Description of the task: Transcribe this listing exactly; omit the pictures.

Entries supplied:

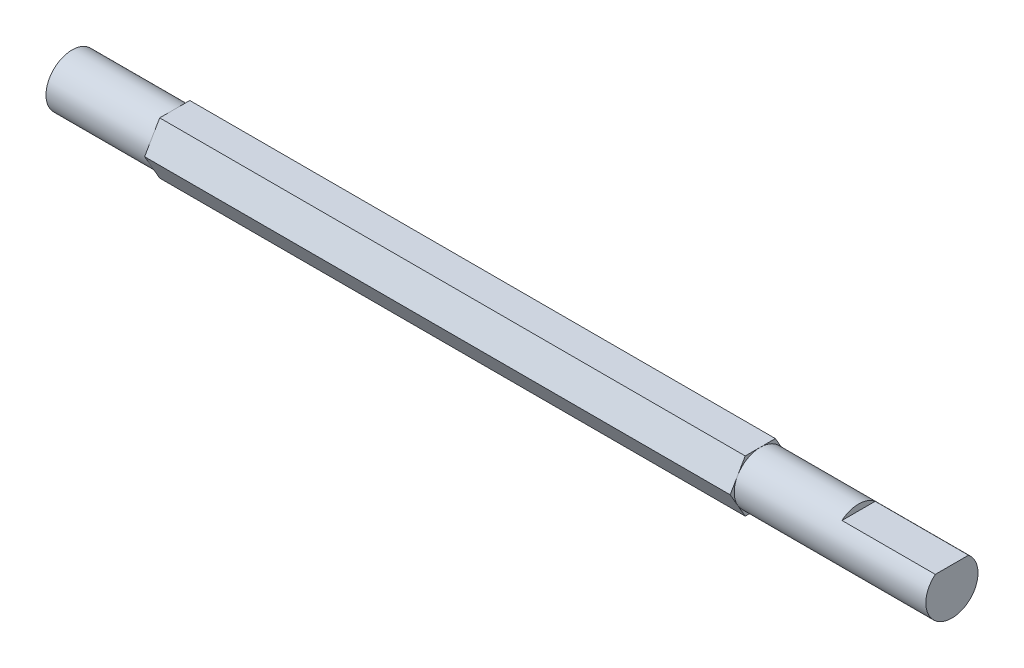
SolidWorks part; units mm, degrees
ref_plane "Ebene vorne" through (0, 0, 0) normal (0, 0, 1) x (1, 0, 0)
ref_plane "Ebene oben" through (0, 0, 0) normal (0, 1, 0) x (1, 0, 0)
ref_plane "Ebene rechts" through (0, 0, 0) normal (1, 0, 0) x (0, 0, -1)
sketch "Skizze1" plane through (0, 0, 0) normal (1, 0, 0) x (0, 0, -1)
  circle A0 centre (0, 0) radius 2.795
  dimension "D1" = 5.59
extrude "Aufsatz-Linear austragen1" add sketch "Skizze1" along normal blind 94.27 contours A0
ref_plane "Ebene1" through (11, 0, 0) normal (1, 0, 0) x (0, 0, -1)
sketch "Skizze2" plane through (11, 0, 0) normal (1, 0, 0) x (0, 0, -1)
  line L0 (1.6137, 2.795) -> (-1.6137, 2.795)
  line L1 (-1.6137, 2.795) -> (-3.2274, 0)
  line L2 (1.6137, -2.795) -> (-1.6137, -2.795)
  line L3 (-1.6137, -2.795) -> (-3.2274, 0)
  line L4 (1.6137, 2.795) -> (3.2274, 0)
  line L5 (1.6137, -2.795) -> (3.2274, 0)
  line L6 (-3.565, 0) -> (3.1629, 0)
  circle A0 centre (0, 0) radius 2.795 construction
  dimension "D4" = 5.59
  dimension "D1" = 120
  dimension "D2" = 120
  dimension "D3" = 120
  dimension "D5" = 120
extrude "Aufsatz-Linear austragen2" add sketch "Skizze2" along normal blind 62.74
sketch "Skizze3" plane through (0, 0, 0) normal (1, 0, 0) x (0, 0, -1)
  line L0 (0, 2.155) -> (0, -2.795) construction
  line L1 (1.7799, 2.155) -> (-1.7799, 2.155)
  circle A0 centre (0, 0) radius 2.795 construction
  arc A1 (1.7799, 2.155) -> (-1.7799, 2.155) centre (0, 0) ccw
  dimension "D1" = 4.95
extrude "Schnitt-Linear austragen1" cut sketch "Skizze3" against normal blind 10 from surface at 94.27 starting at face at (94.27, 0, -2.795)

Answer for the task:
SolidWorks part; units mm, degrees
ref_plane "Ebene vorne" through (0, 0, 0) normal (0, 0, 1) x (1, 0, 0)
ref_plane "Ebene oben" through (0, 0, 0) normal (0, 1, 0) x (1, 0, 0)
ref_plane "Ebene rechts" through (0, 0, 0) normal (1, 0, 0) x (0, 0, -1)
sketch "Skizze1" plane through (0, 0, 0) normal (1, 0, 0) x (0, 0, -1)
  circle A0 centre (0, 0) radius 2.795
  dimension "D1" = 5.59
extrude "Aufsatz-Linear austragen1" add sketch "Skizze1" along normal blind 94.27 contours A0
ref_plane "Ebene1" through (11, 0, 0) normal (1, 0, 0) x (0, 0, -1)
sketch "Skizze2" plane through (11, 0, 0) normal (1, 0, 0) x (0, 0, -1)
  line L0 (1.6137, 2.795) -> (-1.6137, 2.795)
  line L1 (-1.6137, 2.795) -> (-3.2274, 0)
  line L2 (1.6137, -2.795) -> (-1.6137, -2.795)
  line L3 (-1.6137, -2.795) -> (-3.2274, 0)
  line L4 (1.6137, 2.795) -> (3.2274, 0)
  line L5 (1.6137, -2.795) -> (3.2274, 0)
  line L6 (-3.565, 0) -> (3.1629, 0)
  circle A0 centre (0, 0) radius 2.795 construction
  dimension "D4" = 5.59
  dimension "D1" = 120
  dimension "D2" = 120
  dimension "D3" = 120
  dimension "D5" = 120
extrude "Aufsatz-Linear austragen2" add sketch "Skizze2" along normal blind 62.74
sketch "Skizze3" plane through (0, 0, 0) normal (1, 0, 0) x (0, 0, -1)
  line L0 (0, 2.155) -> (0, -2.795) construction
  line L1 (1.7799, 2.155) -> (-1.7799, 2.155)
  circle A0 centre (0, 0) radius 2.795 construction
  arc A1 (1.7799, 2.155) -> (-1.7799, 2.155) centre (0, 0) ccw
  dimension "D1" = 4.95
extrude "Schnitt-Linear austragen1" cut sketch "Skizze3" against normal blind 10 from surface at 94.27 starting at face at (94.27, 0, -2.795)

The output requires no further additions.